• [WHAT YOU HAVE TO DO] From the records below, extract all the text exactly and leave the images behind.

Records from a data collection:
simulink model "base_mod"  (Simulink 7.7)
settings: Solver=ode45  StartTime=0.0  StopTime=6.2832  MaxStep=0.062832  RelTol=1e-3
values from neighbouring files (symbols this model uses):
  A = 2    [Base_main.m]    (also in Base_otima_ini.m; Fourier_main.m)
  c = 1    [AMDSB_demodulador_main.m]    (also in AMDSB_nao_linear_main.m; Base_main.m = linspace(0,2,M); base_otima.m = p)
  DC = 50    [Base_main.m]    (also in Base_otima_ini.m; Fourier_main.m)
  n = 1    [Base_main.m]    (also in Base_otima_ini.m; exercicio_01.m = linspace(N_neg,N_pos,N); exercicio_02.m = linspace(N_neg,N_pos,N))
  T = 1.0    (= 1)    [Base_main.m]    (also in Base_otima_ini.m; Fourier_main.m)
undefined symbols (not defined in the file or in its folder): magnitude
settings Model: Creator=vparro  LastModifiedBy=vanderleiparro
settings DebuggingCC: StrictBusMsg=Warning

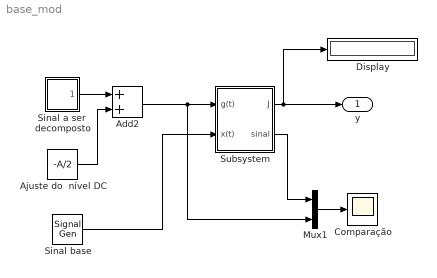
== system base_mod ==
  Add2 : Sum
  Ajuste do  nível DC : Constant  Value=-A/2
  Comparação : Scope
  Display : Display
  Mux1 : Mux  Inputs=2
  Sinal a ser  decomposto : Subsystem  mask(Pulse Generator){period=T, duty=DC, amplitude=A, start=0}
      mask prompts: period "Period (secs):"; duty "Duty cycle (% of period):"; start "Start time:"
      mask help: Pulse Generator
      mask Help: Pulse generator which ensures pulse transitions are hit. Provides a vector of pulses when the height is entered as a vector.  Unmask to see how it works.
      mask Display: plot(0,0,100,100,[95,90,90,75,75,60,60,45,45,30,30,15,15,5],[25,25,75,75,25,25,75,75,25,25,75,75,25,25]);
  Sinal base : SignalGenerator  Frequency=n*inv(T)
  Subsystem : Subsystem
  y : Outport
  wires:
  Sinal a ser  decomposto/1(out1) -> Add2/1
  Ajuste do  nível DC/1 -> Add2/2
  Add2/1 -> Subsystem/1(g(t)), Mux1/2
  Sinal base/1 -> Subsystem/2(x(t))
  Subsystem/1(J) -> y/1, Display/1
  Mux1/1 -> Comparação/1
  Subsystem/2(sinal) -> Mux1/1

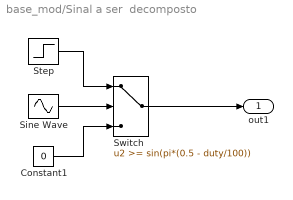
== system base_mod/Sinal a ser  decomposto ==
  Constant1 : Constant  Value=0
  Sine Wave : Sin  Frequency=2*pi./period  Phase=-2*pi*(start./period + duty/200 - 1/4)
  Step : Step  Time=start  After=amplitude
  Switch : Switch  Threshold=sin(pi*(0.5 - duty/100))  SaturateOnIntegerOverflow=on  InputSameDT=on
  out1 : Outport  InitialOutput=0
  wires:
  Step/1 -> Switch/1
  Constant1/1 -> Switch/3
  Switch/1 -> out1/1
  Sine Wave/1 -> Switch/2

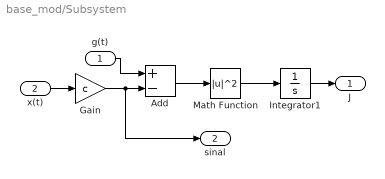
== system base_mod/Subsystem ==
  g(t) : Inport
  x(t) : Inport  Port=2
  Add : Sum  Inputs=+-
  Gain : Gain  Gain=c
  Integrator1 : Integrator
  Math Function : Math  Operator=magnitude^2  SaturateOnIntegerOverflow=on
  J : Outport
  sinal : Outport  Port=2
  wires:
  x(t)/1 -> Gain/1
  Integrator1/1 -> J/1
  g(t)/1 -> Add/1
  Math Function/1 -> Integrator1/1
  Gain/1 -> Add/2, sinal/1
  Add/1 -> Math Function/1

• [ANSWER AREA]
simulink model "base_mod"  (Simulink 7.7)
settings: Solver=ode45  StartTime=0.0  StopTime=6.2832  MaxStep=0.062832  RelTol=1e-3
values from neighbouring files (symbols this model uses):
  A = 2    [Base_main.m]    (also in Base_otima_ini.m; Fourier_main.m)
  c = 1    [AMDSB_demodulador_main.m]    (also in AMDSB_nao_linear_main.m; Base_main.m = linspace(0,2,M); base_otima.m = p)
  DC = 50    [Base_main.m]    (also in Base_otima_ini.m; Fourier_main.m)
  n = 1    [Base_main.m]    (also in Base_otima_ini.m; exercicio_01.m = linspace(N_neg,N_pos,N); exercicio_02.m = linspace(N_neg,N_pos,N))
  T = 1.0    (= 1)    [Base_main.m]    (also in Base_otima_ini.m; Fourier_main.m)
undefined symbols (not defined in the file or in its folder): magnitude
settings Model: Creator=vparro  LastModifiedBy=vanderleiparro
settings DebuggingCC: StrictBusMsg=Warning

== system base_mod ==
  Add2 : Sum
  Ajuste do  nível DC : Constant  Value=-A/2
  Comparação : Scope
  Display : Display
  Mux1 : Mux  Inputs=2
  Sinal a ser  decomposto : Subsystem  mask(Pulse Generator){period=T, duty=DC, amplitude=A, start=0}
      mask prompts: period "Period (secs):"; duty "Duty cycle (% of period):"; start "Start time:"
      mask help: Pulse Generator
      mask Help: Pulse generator which ensures pulse transitions are hit. Provides a vector of pulses when the height is entered as a vector.  Unmask to see how it works.
      mask Display: plot(0,0,100,100,[95,90,90,75,75,60,60,45,45,30,30,15,15,5],[25,25,75,75,25,25,75,75,25,25,75,75,25,25]);
  Sinal base : SignalGenerator  Frequency=n*inv(T)
  Subsystem : Subsystem
  y : Outport
  wires:
  Sinal a ser  decomposto/1(out1) -> Add2/1
  Ajuste do  nível DC/1 -> Add2/2
  Add2/1 -> Subsystem/1(g(t)), Mux1/2
  Sinal base/1 -> Subsystem/2(x(t))
  Subsystem/1(J) -> y/1, Display/1
  Mux1/1 -> Comparação/1
  Subsystem/2(sinal) -> Mux1/1

== system base_mod/Sinal a ser  decomposto ==
  Constant1 : Constant  Value=0
  Sine Wave : Sin  Frequency=2*pi./period  Phase=-2*pi*(start./period + duty/200 - 1/4)
  Step : Step  Time=start  After=amplitude
  Switch : Switch  Threshold=sin(pi*(0.5 - duty/100))  SaturateOnIntegerOverflow=on  InputSameDT=on
  out1 : Outport  InitialOutput=0
  wires:
  Step/1 -> Switch/1
  Constant1/1 -> Switch/3
  Switch/1 -> out1/1
  Sine Wave/1 -> Switch/2

== system base_mod/Subsystem ==
  g(t) : Inport
  x(t) : Inport  Port=2
  Add : Sum  Inputs=+-
  Gain : Gain  Gain=c
  Integrator1 : Integrator
  Math Function : Math  Operator=magnitude^2  SaturateOnIntegerOverflow=on
  J : Outport
  sinal : Outport  Port=2
  wires:
  x(t)/1 -> Gain/1
  Integrator1/1 -> J/1
  g(t)/1 -> Add/1
  Math Function/1 -> Integrator1/1
  Gain/1 -> Add/2, sinal/1
  Add/1 -> Math Function/1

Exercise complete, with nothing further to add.